A repeated complaint of environmental scientists is the poor access to the necessary instruments due to oversubscription, which might get worse when the dissemination of knowledge by this workshop will be successful. Therefore, an expansion of the already available techniques not only in quality but also time-wise is absolute necessary.
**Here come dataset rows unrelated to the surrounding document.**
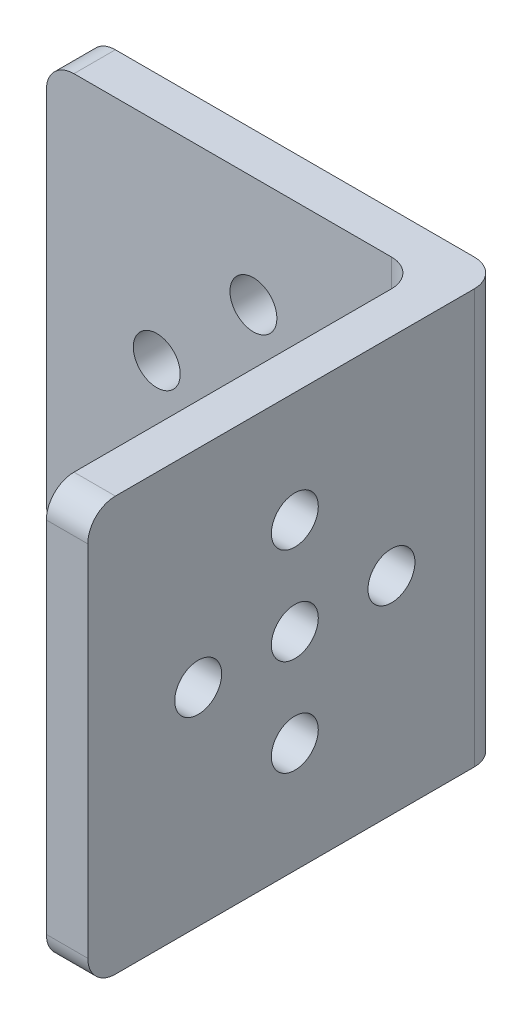
ISO-10303-21;
HEADER;
FILE_DESCRIPTION(('STEP AP214'),'2;1');
FILE_NAME('part.step','',(''),(''),'','','');
FILE_SCHEMA(('AUTOMOTIVE_DESIGN { 1 0 10303 214 1 1 1 1 }'));
ENDSEC;
DATA;
#1=APPLICATION_CONTEXT('core data for automotive mechanical design processes');
#2=APPLICATION_PROTOCOL_DEFINITION('international standard','automotive_design',2000,#1);
#3=PRODUCT_CONTEXT('',#1,'mechanical');
#4=PRODUCT('Part','Part','',(#3));
#5=PRODUCT_RELATED_PRODUCT_CATEGORY('part','',(#4));
#6=PRODUCT_DEFINITION_FORMATION('','',#4);
#7=PRODUCT_DEFINITION_CONTEXT('part definition',#1,'design');
#8=PRODUCT_DEFINITION('design','',#6,#7);
#9=PRODUCT_DEFINITION_SHAPE('','',#8);
#10=(LENGTH_UNIT() NAMED_UNIT(*) SI_UNIT(.MILLI.,.METRE.));
#11=(NAMED_UNIT(*) PLANE_ANGLE_UNIT() SI_UNIT($,.RADIAN.));
#12=(NAMED_UNIT(*) SI_UNIT($,.STERADIAN.) SOLID_ANGLE_UNIT());
#13=UNCERTAINTY_MEASURE_WITH_UNIT(LENGTH_MEASURE(1.E-05),#10,'distance_accuracy_value','');
#14=(GEOMETRIC_REPRESENTATION_CONTEXT(3) GLOBAL_UNCERTAINTY_ASSIGNED_CONTEXT((#13)) GLOBAL_UNIT_ASSIGNED_CONTEXT((#10,
#11,#12)) REPRESENTATION_CONTEXT('',''));
#15=CARTESIAN_POINT('',(0.,0.,0.));
#16=DIRECTION('',(0.,0.,1.));
#17=DIRECTION('',(1.,0.,0.));
#18=AXIS2_PLACEMENT_3D('',#15,#16,#17);
#19=CARTESIAN_POINT('',(15.,0.,30.));
#20=DIRECTION('',(-1.,0.,0.));
#21=DIRECTION('',(0.,-1.,0.));
#22=AXIS2_PLACEMENT_3D('',#19,#20,#21);
#23=PLANE('',#22);
#24=CARTESIAN_POINT('',(15.,7.,15.));
#25=DIRECTION('',(1.,0.,0.));
#26=DIRECTION('',(0.,0.,-1.));
#27=AXIS2_PLACEMENT_3D('',#24,#25,#26);
#28=CIRCLE('',#27,1.69999999999999);
#29=CARTESIAN_POINT('',(15.,7.,13.3));
#30=VERTEX_POINT('',#29);
#31=EDGE_CURVE('E493',#30,#30,#28,.T.);
#32=ORIENTED_EDGE('',*,*,#31,.F.);
#33=EDGE_LOOP('',(#32));
#34=FACE_BOUND('',#33,.T.);
#35=CARTESIAN_POINT('',(15.,-7.,15.));
#36=DIRECTION('',(1.,0.,0.));
#37=DIRECTION('',(0.,0.,-1.));
#38=AXIS2_PLACEMENT_3D('',#35,#36,#37);
#39=CIRCLE('',#38,1.69999999999999);
#40=CARTESIAN_POINT('',(15.,-7.,13.3));
#41=VERTEX_POINT('',#40);
#42=EDGE_CURVE('E515',#41,#41,#39,.T.);
#43=ORIENTED_EDGE('',*,*,#42,.F.);
#44=EDGE_LOOP('',(#43));
#45=FACE_BOUND('',#44,.T.);
#46=DIRECTION('',(0.,0.,-1.));
#47=VECTOR('',#46,1.);
#48=CARTESIAN_POINT('',(15.,15.,30.));
#49=LINE('',#48,#47);
#50=CARTESIAN_POINT('',(15.,15.,28.));
#51=VERTEX_POINT('',#50);
#52=CARTESIAN_POINT('',(15.,15.,2.));
#53=VERTEX_POINT('',#52);
#54=EDGE_CURVE('E127',#51,#53,#49,.T.);
#55=ORIENTED_EDGE('',*,*,#54,.F.);
#56=CARTESIAN_POINT('',(15.,13.,28.));
#57=DIRECTION('',(-1.,0.,0.));
#58=DIRECTION('',(0.,-1.,0.));
#59=AXIS2_PLACEMENT_3D('',#56,#57,#58);
#60=CIRCLE('',#59,2.);
#61=CARTESIAN_POINT('',(15.,13.,30.));
#62=VERTEX_POINT('',#61);
#63=EDGE_CURVE('E198',#51,#62,#60,.F.);
#64=ORIENTED_EDGE('',*,*,#63,.T.);
#65=DIRECTION('',(0.,1.,0.));
#66=VECTOR('',#65,1.);
#67=CARTESIAN_POINT('',(15.,0.,30.));
#68=LINE('',#67,#66);
#69=CARTESIAN_POINT('',(15.,-13.,30.));
#70=VERTEX_POINT('',#69);
#71=EDGE_CURVE('E206',#70,#62,#68,.T.);
#72=ORIENTED_EDGE('',*,*,#71,.F.);
#73=CARTESIAN_POINT('',(15.,-13.,28.));
#74=DIRECTION('',(-1.,0.,0.));
#75=DIRECTION('',(0.,-1.,0.));
#76=AXIS2_PLACEMENT_3D('',#73,#74,#75);
#77=CIRCLE('',#76,2.);
#78=CARTESIAN_POINT('',(15.,-15.,28.));
#79=VERTEX_POINT('',#78);
#80=EDGE_CURVE('E196',#70,#79,#77,.F.);
#81=ORIENTED_EDGE('',*,*,#80,.T.);
#82=DIRECTION('',(0.,0.,-1.));
#83=VECTOR('',#82,1.);
#84=CARTESIAN_POINT('',(15.,-15.,30.));
#85=LINE('',#84,#83);
#86=CARTESIAN_POINT('',(15.,-15.,2.));
#87=VERTEX_POINT('',#86);
#88=EDGE_CURVE('E138',#79,#87,#85,.T.);
#89=ORIENTED_EDGE('',*,*,#88,.T.);
#90=DIRECTION('',(0.,1.,0.));
#91=VECTOR('',#90,1.);
#92=CARTESIAN_POINT('',(15.,0.,2.));
#93=LINE('',#92,#91);
#94=EDGE_CURVE('E145',#87,#53,#93,.T.);
#95=ORIENTED_EDGE('',*,*,#94,.T.);
#96=EDGE_LOOP('',(#55,#64,#72,#81,#89,#95));
#97=FACE_BOUND('',#96,.T.);
#98=CARTESIAN_POINT('',(15.,0.,8.));
#99=DIRECTION('',(1.,0.,0.));
#100=DIRECTION('',(0.,0.,-1.));
#101=AXIS2_PLACEMENT_3D('',#98,#99,#100);
#102=CIRCLE('',#101,1.69999999999999);
#103=CARTESIAN_POINT('',(15.,0.,6.30000000000001));
#104=VERTEX_POINT('',#103);
#105=EDGE_CURVE('E509',#104,#104,#102,.T.);
#106=ORIENTED_EDGE('',*,*,#105,.F.);
#107=EDGE_LOOP('',(#106));
#108=FACE_BOUND('',#107,.T.);
#109=CARTESIAN_POINT('',(15.,0.,15.));
#110=DIRECTION('',(1.,0.,0.));
#111=DIRECTION('',(0.,0.,-1.));
#112=AXIS2_PLACEMENT_3D('',#109,#110,#111);
#113=CIRCLE('',#112,1.69999999999999);
#114=CARTESIAN_POINT('',(15.,0.,13.3));
#115=VERTEX_POINT('',#114);
#116=EDGE_CURVE('E503',#115,#115,#113,.T.);
#117=ORIENTED_EDGE('',*,*,#116,.F.);
#118=EDGE_LOOP('',(#117));
#119=FACE_BOUND('',#118,.T.);
#120=CARTESIAN_POINT('',(15.,0.,22.));
#121=DIRECTION('',(1.,0.,0.));
#122=DIRECTION('',(0.,0.,-1.));
#123=AXIS2_PLACEMENT_3D('',#120,#121,#122);
#124=CIRCLE('',#123,1.69999999999999);
#125=CARTESIAN_POINT('',(15.,0.,20.3));
#126=VERTEX_POINT('',#125);
#127=EDGE_CURVE('E495',#126,#126,#124,.T.);
#128=ORIENTED_EDGE('',*,*,#127,.F.);
#129=EDGE_LOOP('',(#128));
#130=FACE_BOUND('',#129,.T.);
#131=ADVANCED_FACE('F37',(#34,#45,#97,#108,#119,#130),#23,.F.);
#132=CARTESIAN_POINT('',(0.,15.,3.));
#133=DIRECTION('',(0.,1.,0.));
#134=DIRECTION('',(-1.,0.,0.));
#135=AXIS2_PLACEMENT_3D('',#132,#133,#134);
#136=PLANE('',#135);
#137=DIRECTION('',(1.,0.,0.));
#138=VECTOR('',#137,1.);
#139=CARTESIAN_POINT('',(0.,15.,0.));
#140=LINE('',#139,#138);
#141=CARTESIAN_POINT('',(-13.,15.,0.));
#142=VERTEX_POINT('',#141);
#143=CARTESIAN_POINT('',(13.,15.,0.));
#144=VERTEX_POINT('',#143);
#145=EDGE_CURVE('E221',#142,#144,#140,.T.);
#146=ORIENTED_EDGE('',*,*,#145,.F.);
#147=DIRECTION('',(0.,0.,-1.));
#148=VECTOR('',#147,1.);
#149=CARTESIAN_POINT('',(-13.,15.,3.));
#150=LINE('',#149,#148);
#151=CARTESIAN_POINT('',(-13.,15.,3.));
#152=VERTEX_POINT('',#151);
#153=EDGE_CURVE('E194',#142,#152,#150,.F.);
#154=ORIENTED_EDGE('',*,*,#153,.T.);
#155=DIRECTION('',(1.,0.,0.));
#156=VECTOR('',#155,1.);
#157=CARTESIAN_POINT('',(0.,15.,3.));
#158=LINE('',#157,#156);
#159=CARTESIAN_POINT('',(10.,15.,3.));
#160=VERTEX_POINT('',#159);
#161=EDGE_CURVE('E222',#152,#160,#158,.T.);
#162=ORIENTED_EDGE('',*,*,#161,.T.);
#163=CARTESIAN_POINT('',(10.,15.,5.));
#164=DIRECTION('',(0.,1.,0.));
#165=DIRECTION('',(-1.,0.,0.));
#166=AXIS2_PLACEMENT_3D('',#163,#164,#165);
#167=CIRCLE('',#166,2.);
#168=CARTESIAN_POINT('',(12.,15.,5.));
#169=VERTEX_POINT('',#168);
#170=EDGE_CURVE('E172',#160,#169,#167,.F.);
#171=ORIENTED_EDGE('',*,*,#170,.T.);
#172=DIRECTION('',(0.,0.,-1.));
#173=VECTOR('',#172,1.);
#174=CARTESIAN_POINT('',(12.,15.,30.));
#175=LINE('',#174,#173);
#176=CARTESIAN_POINT('',(12.,15.,28.));
#177=VERTEX_POINT('',#176);
#178=EDGE_CURVE('E139',#177,#169,#175,.T.);
#179=ORIENTED_EDGE('',*,*,#178,.F.);
#180=DIRECTION('',(1.,0.,0.));
#181=VECTOR('',#180,1.);
#182=CARTESIAN_POINT('',(0.,15.,28.));
#183=LINE('',#182,#181);
#184=EDGE_CURVE('E135',#177,#51,#183,.T.);
#185=ORIENTED_EDGE('',*,*,#184,.T.);
#186=ORIENTED_EDGE('',*,*,#54,.T.);
#187=CARTESIAN_POINT('',(13.,15.,2.));
#188=DIRECTION('',(0.,1.,0.));
#189=DIRECTION('',(-1.,0.,0.));
#190=AXIS2_PLACEMENT_3D('',#187,#188,#189);
#191=CIRCLE('',#190,2.);
#192=EDGE_CURVE('E131',#53,#144,#191,.T.);
#193=ORIENTED_EDGE('',*,*,#192,.T.);
#194=EDGE_LOOP('',(#146,#154,#162,#171,#179,#185,#186,#193));
#195=FACE_BOUND('',#194,.T.);
#196=ADVANCED_FACE('F130',(#195),#136,.T.);
#197=CARTESIAN_POINT('',(-15.,0.,3.));
#198=DIRECTION('',(-1.,0.,0.));
#199=DIRECTION('',(0.,0.,1.));
#200=AXIS2_PLACEMENT_3D('',#197,#198,#199);
#201=PLANE('',#200);
#202=DIRECTION('',(0.,1.,0.));
#203=VECTOR('',#202,1.);
#204=CARTESIAN_POINT('',(-15.,0.,0.));
#205=LINE('',#204,#203);
#206=CARTESIAN_POINT('',(-15.,-13.,0.));
#207=VERTEX_POINT('',#206);
#208=CARTESIAN_POINT('',(-15.,13.,0.));
#209=VERTEX_POINT('',#208);
#210=EDGE_CURVE('E226',#207,#209,#205,.T.);
#211=ORIENTED_EDGE('',*,*,#210,.F.);
#212=DIRECTION('',(0.,0.,-1.));
#213=VECTOR('',#212,1.);
#214=CARTESIAN_POINT('',(-15.,-13.,3.));
#215=LINE('',#214,#213);
#216=CARTESIAN_POINT('',(-15.,-13.,3.));
#217=VERTEX_POINT('',#216);
#218=EDGE_CURVE('E187',#207,#217,#215,.F.);
#219=ORIENTED_EDGE('',*,*,#218,.T.);
#220=DIRECTION('',(0.,1.,0.));
#221=VECTOR('',#220,1.);
#222=CARTESIAN_POINT('',(-15.,0.,3.));
#223=LINE('',#222,#221);
#224=CARTESIAN_POINT('',(-15.,13.,3.));
#225=VERTEX_POINT('',#224);
#226=EDGE_CURVE('E154',#217,#225,#223,.T.);
#227=ORIENTED_EDGE('',*,*,#226,.T.);
#228=DIRECTION('',(0.,0.,-1.));
#229=VECTOR('',#228,1.);
#230=CARTESIAN_POINT('',(-15.,13.,3.));
#231=LINE('',#230,#229);
#232=EDGE_CURVE('E184',#225,#209,#231,.T.);
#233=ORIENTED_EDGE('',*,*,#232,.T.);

WK12 Microdiffraction in Structural Biology

Stephen C. Harrison, Harvard University
Steven E. Ealick, Cornell University

The final workshop of the APS users meeting, organized by Steven Ealick (Cornell) and Stephen Harrison (Harvard Medical School), was devoted to microdiffraction in macromolecular crystallography. Technology for recording accurate diffraction data from protein crystals 20 microns or less in typical dimension is likely to change dramatically the course of protein crystallographic studies. Qun Shen (APS) began the workshop with an overview of current APS capabilities in microdiffraction, most of them with applications in areas other than macromolecular structure. Ehmke Pohl (Swiss Light Source) followed, with a description of the way the MD-2 diffractomer has been installed and used at SLS. Michael Sawaya (UCLA) then described a specific application -- determining the structure of an amyloidogenic peptide, yeast Sup35, at ESRF beamline ID-13. The very small crystals (50x2x2 microns) yielded an excellent, high-resolution structure, with SAD phasing from a Zn ion. David Flot (ESRF) concluded the morning session with a description of the new, dedicated microdiffraction beamline for protein crystallography at at ESRF. It takes advantage of innovations adopted at ID-13. In the afternoon, Florent Cipriani (ESRF), who designed the microdiffraction instruments at ID-13, outlined the design principles and described the differences between the initial instruments and the current MD2x generation of microdiffractometers. K. Rajashankar (APS and Cornell) described plans at NE-CAT for microdiffraction, and Gwyndaf Evans (Diamond, UK), plans for its implementation at Diamond. Gerd Rosenbaum (APS and Univ. of Georgia) concluded with a talk on tradeoffs between damage and signal in the context of plans for a new microdiffraction facility at the APS Structural Biology Center.